Information shown START

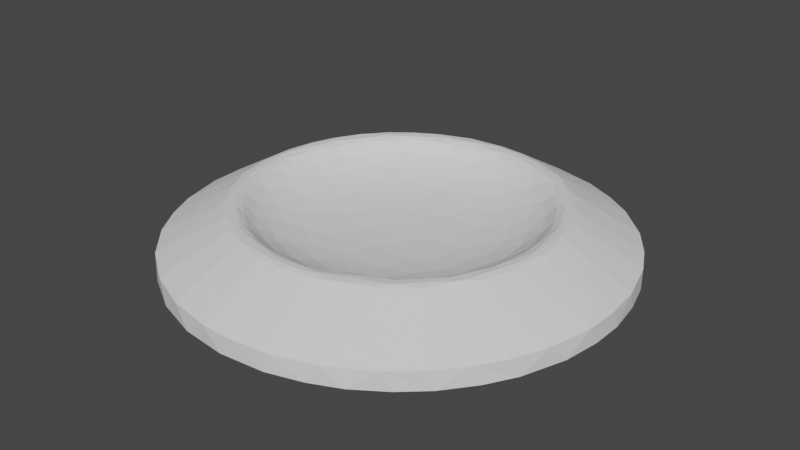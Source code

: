 # Source: jumper-top.blend  (saved by Blender 2.93.21; exported with 4.5.12 LTS)
import bpy
from mathutils import Matrix  # noqa: F401  (used for matrix-valued properties, if any)

bpy.ops.wm.read_factory_settings(use_empty=True)
scene = bpy.context.scene
scene.name = 'Scene'

# ---- collections
col_collection = bpy.data.collections.new('Collection'); scene.collection.children.link(col_collection)

# ---- world
world_world = bpy.data.worlds.new('World'); scene.world = world_world
world_world.use_nodes = True; world_world.node_tree.nodes.clear()
_N = world_world.node_tree.nodes; _L = world_world.node_tree.links
n0 = _N.new('ShaderNodeOutputWorld'); n0.name = 'World Output'; n0.location = (300, 300)
n1 = _N.new('ShaderNodeBackground'); n1.name = 'Background'; n1.location = (10, 300)
n1.inputs[0].default_value = (0.05088, 0.05088, 0.05088, 1.0)
_L.new(n1.outputs[0], n0.inputs[0])
n0.is_active_output = True
world_world.color = (0.05088, 0.05088, 0.05088)
world_world.use_sun_shadow = False
world_world.sun_shadow_jitter_overblur = 0.0

# ---- meshes
me_jumper_top = bpy.data.meshes.new('Jumper-top')
me_jumper_top.from_pydata([(-0.0002136, -10.53, -40.0), (5.013, -10.53, -39.69), (-0.0002136, -10.53, -0.001526), (-5.014, -10.53, -39.69), (-19.27, -10.53, -35.05), (-14.73, -10.53, -37.19), (-9.948, -10.53, -38.74), (-30.82, -10.53, -25.5), (-27.38, -10.53, -29.16), (-23.51, -10.53, -32.36), (-38.04, -10.53, -12.36), (-36.19, -10.53, -17.03), (-33.77, -10.53, -21.43), (-39.92, -10.53, 2.51), (-39.92, -10.53, -2.513), (-39.29, -10.53, -7.497), (-36.19, -10.53, 17.03), (-38.04, -10.53, 12.36), (-39.29, -10.53, 7.494), (-27.38, -10.53, 29.16), (-30.82, -10.53, 25.5), (-33.77, -10.53, 21.43), (-14.73, -10.53, 37.19), (-19.27, -10.53, 35.05), (-23.51, -10.53, 32.36), (-0.0002136, -10.53, 40.0), (-5.014, -10.53, 39.68), (-9.948, -10.53, 38.74), (14.72, -10.53, 37.19), (9.947, -10.53, 38.74), (5.013, -10.53, 39.68), (27.38, -10.53, 29.16), (23.51, -10.53, 32.36), (19.27, -10.53, 35.05), (36.19, -10.53, 17.03), (33.77, -10.53, 21.43), (30.82, -10.53, 25.5), (39.92, -10.53, 2.51), (39.29, -10.53, 7.494), (38.04, -10.53, 12.36), (38.04, -10.53, -12.36), (39.29, -10.53, -7.497), (39.92, -10.53, -2.513), (30.82, -10.53, -25.5), (33.77, -10.53, -21.43), (36.19, -10.53, -17.03), (19.27, -10.53, -35.05), (23.51, -10.53, -32.36), (27.38, -10.53, -29.16), (9.947, -10.53, -38.74), (14.72, -10.53, -37.19), (-4.113, 1.017, -39.79), (-8.182, 1.017, -39.16), (-5.008, 1.017, -39.65), (-12.16, 1.017, -38.11), (-9.935, 1.017, -38.69), (-16.02, 1.017, -36.65), (-14.71, 1.017, -37.15), (-23.5, 1.017, -32.35), (-23.18, 1.017, -32.6), (-19.7, 1.017, -34.81), (-19.26, 1.017, -35.03), (-26.41, 1.017, -30.05), (-27.35, 1.017, -29.13), (-29.36, 1.017, -27.17), (-30.78, 1.017, -25.46), (-31.99, 1.017, -24.01), (-33.74, 1.017, -21.41), (-34.29, 1.017, -20.59), (-36.19, 1.017, -17.03), (-36.23, 1.017, -16.96), (-37.78, 1.017, -13.14), (-38.93, 1.017, -9.189), (-38.01, 1.017, -12.35), (-39.67, 1.017, -5.137), (-39.24, 1.017, -7.488), (-39.99, 1.017, -1.031), (-39.87, 1.017, -2.509), (-39.28, 1.017, 7.49), (-39.35, 1.017, 7.17), (-39.88, 1.017, 3.085), (-39.9, 1.017, 2.509), (-38.41, 1.017, 11.18), (-38.0, 1.017, 12.34), (-37.05, 1.017, 15.07), (-36.15, 1.017, 17.01), (-35.31, 1.017, 18.8), (-33.74, 1.017, 21.41), (-33.19, 1.017, 22.33), (-30.81, 1.017, 25.49), (-30.72, 1.017, 25.62), (-27.92, 1.017, 28.64), (-24.82, 1.017, 31.36), (-27.36, 1.017, 29.13), (-21.47, 1.017, 33.75), (-23.48, 1.017, 32.32), (-17.88, 1.017, 35.78), (-19.25, 1.017, 35.01), (-9.945, 1.017, 38.73), (-10.19, 1.017, 38.68), (-14.11, 1.017, 37.43), (-14.71, 1.017, 37.16), (-6.156, 1.017, 39.52), (-5.009, 1.017, 39.64), (-2.059, 1.017, 39.95), (-0.0002136, 1.017, 39.95), (2.059, 1.017, 39.95), (5.009, 1.017, 39.64), (6.155, 1.017, 39.52), (9.945, 1.017, 38.73), (10.19, 1.017, 38.68), (14.11, 1.017, 37.43), (17.88, 1.017, 35.78), (14.71, 1.017, 37.16), (21.47, 1.017, 33.75), (19.25, 1.017, 35.01), (24.82, 1.017, 31.36), (23.48, 1.017, 32.32), (30.81, 1.017, 25.49), (30.71, 1.017, 25.62), (27.92, 1.017, 28.64), (27.36, 1.017, 29.13), (33.19, 1.017, 22.33), (33.74, 1.017, 21.41), (35.31, 1.017, 18.8), (36.14, 1.017, 17.01), (37.05, 1.017, 15.07), (38.0, 1.017, 12.34), (38.41, 1.017, 11.18), (39.28, 1.017, 7.49), (39.35, 1.017, 7.17), (39.88, 1.017, 3.085), (39.99, 1.017, -1.031), (39.9, 1.017, 2.509), (39.67, 1.017, -5.137), (39.87, 1.017, -2.509), (38.93, 1.017, -9.189), (39.24, 1.017, -7.488), (36.19, 1.017, -17.03), (36.23, 1.017, -16.96), (37.78, 1.017, -13.14), (38.01, 1.017, -12.35), (34.29, 1.017, -20.59), (33.74, 1.017, -21.41), (31.99, 1.017, -24.01), (30.78, 1.017, -25.46), (29.36, 1.017, -27.17), (27.35, 1.017, -29.13), (26.41, 1.017, -30.05), (23.5, 1.017, -32.35), (23.18, 1.017, -32.6), (19.7, 1.017, -34.81), (16.02, 1.017, -36.65), (19.26, 1.017, -35.03), (12.16, 1.017, -38.11), (14.71, 1.017, -37.15), (8.182, 1.017, -39.16), (9.934, 1.017, -38.69), (-0.0002136, 1.017, -40.0), (4.113, 1.017, -39.79), (5.008, 1.017, -39.65), (-12.27, -10.53, -58.73), (-6.169, -10.53, -59.68), (-18.25, -10.53, -57.16), (-24.03, -10.53, -54.98), (-29.55, -10.53, -52.22), (-34.77, -10.53, -48.9), (-39.61, -10.53, -45.07), (-44.03, -10.53, -40.76), (-47.99, -10.53, -36.01), (-51.44, -10.53, -30.89), (-54.34, -10.53, -25.44), (-56.67, -10.53, -19.71), (-58.4, -10.53, -13.78), (-59.5, -10.53, -7.705), (-59.98, -10.53, -1.546), (-59.82, -10.53, 4.629), (-59.03, -10.53, 10.76), (-57.61, -10.53, 16.77), (-55.58, -10.53, 22.6), (-52.96, -10.53, 28.2), (-49.78, -10.53, 33.49), (-46.07, -10.53, 38.43), (-41.88, -10.53, 42.97), (-37.24, -10.53, 47.05), (-32.2, -10.53, 50.62), (-26.83, -10.53, 53.67), (-21.17, -10.53, 56.14), (-15.28, -10.53, 58.02), (-9.234, -10.53, 59.28), (-3.089, -10.53, 59.92), (3.089, -10.53, 59.92), (9.233, -10.53, 59.28), (15.28, -10.53, 58.02), (21.16, -10.53, 56.14), (26.83, -10.53, 53.67), (32.2, -10.53, 50.62), (37.24, -10.53, 47.05), (41.88, -10.53, 42.97), (46.07, -10.53, 38.43), (49.78, -10.53, 33.49), (52.96, -10.53, 28.2), (55.58, -10.53, 22.6), (57.61, -10.53, 16.77), (59.03, -10.53, 10.76), (59.82, -10.53, 4.629), (59.98, -10.53, -1.546), (59.5, -10.53, -7.705), (58.4, -10.53, -13.78), (56.67, -10.53, -19.71), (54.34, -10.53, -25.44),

Information shown END

:: Exercise goal ::
Go through the records above and, whenever a line includes the word "inputs", copy it.

:: Exercise solution ::
n1.inputs[0].default_value = (0.05088, 0.05088, 0.05088, 1.0)
_L.new(n1.outputs[0], n0.inputs[0])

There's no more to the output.